Au moins 120 personnes sont décédées pendant ou peu après des interventions policières en Belgique entre 2010 et 2026, d'après une enquête menée par les médias belges Knack, Le Vif, De Tijd et L'Echo, publiée mercredi.
Cette base de données, compilée pour la première fois par des journalistes d'investigation, révèle que près de la moitié des victimes sont décédées sur les lieux ou lors de leur arrestation. Six des personnes décédées étaient mineures et ce chiffre serait probablement sous-estimé.
Parmi les cas les plus connus figurent ceux de Jonathan Jacob, Jozef Chovanec, la petite Mawda et Fabian, âgé de 11 ans.
Les journalistes ont recoupé les informations publiées dans la presse avec celles du parquet, d'avocats et de proches des victimes afin de vérifier ces données.
L'enquête a révélé que 46 % des décès impliquaient des armes à feu, 11 victimes ont été percutées par des véhicules et huit ont subi un arrêt cardiaque pendant ou peu après les interventions policières.
La moitié sur lors de l’arrestation
Environ 45 % des décès sont survenus sur les lieux ou lors de l'arrestation, tandis que 17 % sont morts en garde à vue. Les personnes décédées étaient armées dans 40 % des cas.
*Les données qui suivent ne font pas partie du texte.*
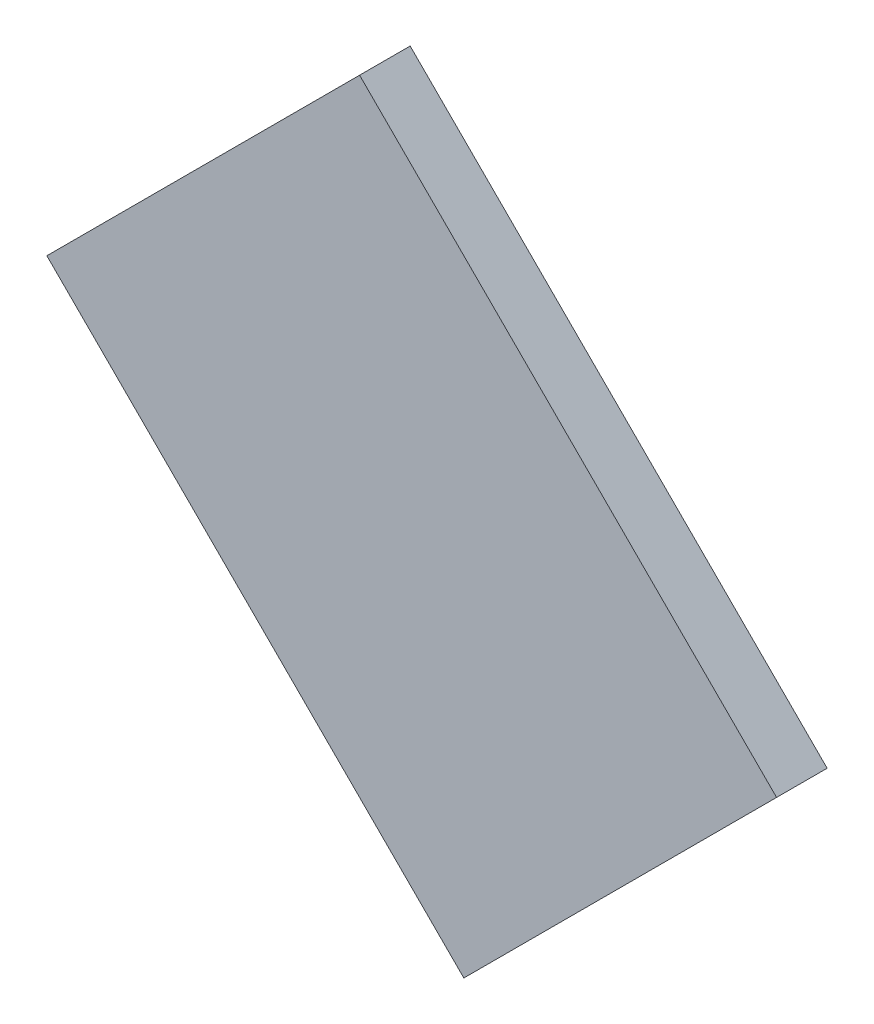
ISO-10303-21;
HEADER;
FILE_DESCRIPTION(('STEP AP214'),'2;1');
FILE_NAME('part.step','',(''),(''),'','','');
FILE_SCHEMA(('AUTOMOTIVE_DESIGN { 1 0 10303 214 1 1 1 1 }'));
ENDSEC;
DATA;
#1=APPLICATION_CONTEXT('core data for automotive mechanical design processes');
#2=APPLICATION_PROTOCOL_DEFINITION('international standard','automotive_design',2000,#1);
#3=PRODUCT_CONTEXT('',#1,'mechanical');
#4=PRODUCT('Part','Part','',(#3));
#5=PRODUCT_RELATED_PRODUCT_CATEGORY('part','',(#4));
#6=PRODUCT_DEFINITION_FORMATION('','',#4);
#7=PRODUCT_DEFINITION_CONTEXT('part definition',#1,'design');
#8=PRODUCT_DEFINITION('design','',#6,#7);
#9=PRODUCT_DEFINITION_SHAPE('','',#8);
#10=(LENGTH_UNIT() NAMED_UNIT(*) SI_UNIT(.MILLI.,.METRE.));
#11=(NAMED_UNIT(*) PLANE_ANGLE_UNIT() SI_UNIT($,.RADIAN.));
#12=(NAMED_UNIT(*) SI_UNIT($,.STERADIAN.) SOLID_ANGLE_UNIT());
#13=UNCERTAINTY_MEASURE_WITH_UNIT(LENGTH_MEASURE(1.E-05),#10,'distance_accuracy_value','');
#14=(GEOMETRIC_REPRESENTATION_CONTEXT(3) GLOBAL_UNCERTAINTY_ASSIGNED_CONTEXT((#13)) GLOBAL_UNIT_ASSIGNED_CONTEXT((#10,
#11,#12)) REPRESENTATION_CONTEXT('',''));
#15=CARTESIAN_POINT('',(0.,0.,0.));
#16=DIRECTION('',(0.,0.,1.));
#17=DIRECTION('',(1.,0.,0.));
#18=AXIS2_PLACEMENT_3D('',#15,#16,#17);
#19=CARTESIAN_POINT('',(4.9569546665,9.1733546665,0.79916));
#20=DIRECTION('',(0.,0.,1.));
#21=DIRECTION('',(0.,-1.,0.));
#22=AXIS2_PLACEMENT_3D('',#19,#20,#21);
#23=PLANE('',#22);
#24=DIRECTION('',(0.707106781186548,0.707106781186548,0.));
#25=VECTOR('',#24,1.);
#26=CARTESIAN_POINT('',(4.709467333,9.20871,0.79916));
#27=LINE('',#26,#25);
#28=CARTESIAN_POINT('',(4.921599333,9.420842,0.79916));
#29=VERTEX_POINT('',#28);
#30=CARTESIAN_POINT('',(4.709467333,9.20871,0.79916));
#31=VERTEX_POINT('',#30);
#32=EDGE_CURVE('E68',#29,#31,#27,.F.);
#33=ORIENTED_EDGE('',*,*,#32,.T.);
#34=DIRECTION('',(-0.707106781186548,0.707106781186548,0.));
#35=VECTOR('',#34,1.);
#36=CARTESIAN_POINT('',(4.99231,8.925867333,0.79916));
#37=LINE('',#36,#35);
#38=CARTESIAN_POINT('',(4.99231,8.925867333,0.79916));
#39=VERTEX_POINT('',#38);
#40=EDGE_CURVE('E55',#31,#39,#37,.F.);
#41=ORIENTED_EDGE('',*,*,#40,.T.);
#42=DIRECTION('',(-0.707106781186548,-0.707106781186548,0.));
#43=VECTOR('',#42,1.);
#44=CARTESIAN_POINT('',(5.204442,9.137999333,0.79916));
#45=LINE('',#44,#43);
#46=CARTESIAN_POINT('',(5.204442,9.137999333,0.79916));
#47=VERTEX_POINT('',#46);
#48=EDGE_CURVE('E20',#39,#47,#45,.F.);
#49=ORIENTED_EDGE('',*,*,#48,.T.);
#50=DIRECTION('',(0.707106781186548,-0.707106781186548,0.));
#51=VECTOR('',#50,1.);
#52=CARTESIAN_POINT('',(4.921599333,9.420842,0.79916));
#53=LINE('',#52,#51);
#54=EDGE_CURVE('E81',#47,#29,#53,.F.);
#55=ORIENTED_EDGE('',*,*,#54,.T.);
#56=EDGE_LOOP('',(#33,#41,#49,#55));
#57=FACE_BOUND('',#56,.T.);
#58=ADVANCED_FACE('F17',(#57),#23,.T.);
#59=CARTESIAN_POINT('',(5.204442,9.137999333,0.76487));
#60=DIRECTION('',(-0.707106781186548,0.707106781186548,0.));
#61=DIRECTION('',(-0.707106781186548,-0.707106781186548,0.));
#62=AXIS2_PLACEMENT_3D('',#59,#60,#61);
#63=PLANE('',#62);
#64=DIRECTION('',(0.,0.,1.));
#65=VECTOR('',#64,1.);
#66=CARTESIAN_POINT('',(4.99231,8.925867333,0.76487));
#67=LINE('',#66,#65);
#68=CARTESIAN_POINT('',(4.99231,8.925867333,0.76487));
#69=VERTEX_POINT('',#68);
#70=EDGE_CURVE('E61',#39,#69,#67,.F.);
#71=ORIENTED_EDGE('',*,*,#70,.T.);
#72=DIRECTION('',(-0.707106781186548,-0.707106781186548,0.));
#73=VECTOR('',#72,1.);
#74=CARTESIAN_POINT('',(5.204442,9.137999333,0.76487));
#75=LINE('',#74,#73);
#76=CARTESIAN_POINT('',(5.204442,9.137999333,0.76487));
#77=VERTEX_POINT('',#76);
#78=EDGE_CURVE('E83',#77,#69,#75,.T.);
#79=ORIENTED_EDGE('',*,*,#78,.F.);
#80=DIRECTION('',(0.,0.,1.));
#81=VECTOR('',#80,1.);
#82=CARTESIAN_POINT('',(5.204442,9.137999333,0.76487));
#83=LINE('',#82,#81);
#84=EDGE_CURVE('E64',#77,#47,#83,.T.);
#85=ORIENTED_EDGE('',*,*,#84,.T.);
#86=ORIENTED_EDGE('',*,*,#48,.F.);
#87=EDGE_LOOP('',(#71,#79,#85,#86));
#88=FACE_BOUND('',#87,.T.);
#89=ADVANCED_FACE('F60',(#88),#63,.F.);
#90=CARTESIAN_POINT('',(4.99231,8.925867333,0.76487));
#91=DIRECTION('',(0.707106781186548,0.707106781186548,0.));
#92=DIRECTION('',(-0.707106781186548,0.707106781186548,0.));
#93=AXIS2_PLACEMENT_3D('',#90,#91,#92);
#94=PLANE('',#93);
#95=DIRECTION('',(0.,0.,1.));
#96=VECTOR('',#95,1.);
#97=CARTESIAN_POINT('',(4.709467333,9.20871,0.76487));
#98=LINE('',#97,#96);
#99=CARTESIAN_POINT('',(4.709467333,9.20871,0.76487));
#100=VERTEX_POINT('',#99);
#101=EDGE_CURVE('E70',#31,#100,#98,.F.);
#102=ORIENTED_EDGE('',*,*,#101,.T.);
#103=DIRECTION('',(-0.707106781186546,0.707106781186549,0.));
#104=VECTOR('',#103,1.);
#105=CARTESIAN_POINT('',(4.99231,8.925867333,0.76487));
#106=LINE('',#105,#104);
#107=EDGE_CURVE('E74',#69,#100,#106,.T.);
#108=ORIENTED_EDGE('',*,*,#107,.F.);
#109=ORIENTED_EDGE('',*,*,#70,.F.);
#110=ORIENTED_EDGE('',*,*,#40,.F.);
#111=EDGE_LOOP('',(#102,#108,#109,#110));
#112=FACE_BOUND('',#111,.T.);
#113=ADVANCED_FACE('F72',(#112),#94,.F.);
#114=CARTESIAN_POINT('',(4.709467333,9.20871,0.76487));
#115=DIRECTION('',(0.707106781186548,-0.707106781186548,0.));
#116=DIRECTION('',(0.707106781186548,0.707106781186548,0.));
#117=AXIS2_PLACEMENT_3D('',#114,#115,#116);
#118=PLANE('',#117);
#119=DIRECTION('',(0.,0.,1.));
#120=VECTOR('',#119,1.);
#121=CARTESIAN_POINT('',(4.921599333,9.420842,0.76487));
#122=LINE('',#121,#120);
#123=CARTESIAN_POINT('',(4.921599333,9.420842,0.76487));
#124=VERTEX_POINT('',#123);
#125=EDGE_CURVE('E35',#29,#124,#122,.F.);
#126=ORIENTED_EDGE('',*,*,#125,.T.);
#127=DIRECTION('',(0.707106781186546,0.707106781186549,0.));
#128=VECTOR('',#127,1.);
#129=CARTESIAN_POINT('',(4.709467333,9.20871,0.76487));
#130=LINE('',#129,#128);
#131=EDGE_CURVE('E26',#100,#124,#130,.T.);
#132=ORIENTED_EDGE('',*,*,#131,.F.);
#133=ORIENTED_EDGE('',*,*,#101,.F.);
#134=ORIENTED_EDGE('',*,*,#32,.F.);
#135=EDGE_LOOP('',(#126,#132,#133,#134));
#136=FACE_BOUND('',#135,.T.);
#137=ADVANCED_FACE('F89',(#136),#118,.F.);
#138=CARTESIAN_POINT('',(4.921599333,9.420842,0.76487));
#139=DIRECTION('',(-0.707106781186548,-0.707106781186548,0.));
#140=DIRECTION('',(0.707106781186548,-0.707106781186548,0.));
#141=AXIS2_PLACEMENT_3D('',#138,#139,#140);
#142=PLANE('',#141);
#143=ORIENTED_EDGE('',*,*,#84,.F.);
#144=DIRECTION('',(0.707106781186548,-0.707106781186548,0.));
#145=VECTOR('',#144,1.);
#146=CARTESIAN_POINT('',(4.921599333,9.420842,0.76487));
#147=LINE('',#146,#145);
#148=EDGE_CURVE('E11',#124,#77,#147,.T.);
#149=ORIENTED_EDGE('',*,*,#148,.F.);
#150=ORIENTED_EDGE('',*,*,#125,.F.);
#151=ORIENTED_EDGE('',*,*,#54,.F.);
#152=EDGE_LOOP('',(#143,#149,#150,#151));
#153=FACE_BOUND('',#152,.T.);
#154=ADVANCED_FACE('F91',(#153),#142,.F.);
#155=CARTESIAN_POINT('',(4.9569546665,9.1733546665,0.76487));
#156=DIRECTION('',(0.,0.,-1.));
#157=DIRECTION('',(0.,1.,0.));
#158=AXIS2_PLACEMENT_3D('',#155,#156,#157);
#159=PLANE('',#158);
#160=ORIENTED_EDGE('',*,*,#131,.T.);
#161=ORIENTED_EDGE('',*,*,#148,.T.);
#162=ORIENTED_EDGE('',*,*,#78,.T.);
#163=ORIENTED_EDGE('',*,*,#107,.T.);
#164=EDGE_LOOP('',(#160,#161,#162,#163));
#165=FACE_BOUND('',#164,.T.);
#166=ADVANCED_FACE('F88',(#165),#159,.T.);
#167=CLOSED_SHELL('',(#58,#89,#113,#137,#154,#166));
#168=MANIFOLD_SOLID_BREP('B1',#167);
#169=ADVANCED_BREP_SHAPE_REPRESENTATION('',(#18,#168),#14);
#170=SHAPE_DEFINITION_REPRESENTATION(#9,#169);
ENDSEC;
END-ISO-10303-21;

Brecht Castel, journaliste d'investigation chez Knack, a déclaré que certains décès relevaient de la légitime défense, mais que d'autres soulevaient des questions quant à la responsabilité de la police.
"Sans transparence, il est impossible de mener une enquête approfondie sur l'action de la police", a déclaré Kati Verstrepen, avocate et présidente de la Ligue pour les droits de l'homme, à Knack.
La criminologue Sofie De Kimpe a ajouté que, dans la culture policière belge, la transparence est perçue comme une menace plutôt que comme un outil d'amélioration.
Le ministre de l'Intérieur, Bernard Quintin, a affirmé que des enquêtes systématiques étaient menées en cas de décès lors d'interventions policières et que des mesures disciplinaires ou pénales étaient prises lorsque cela s'avérait nécessaire.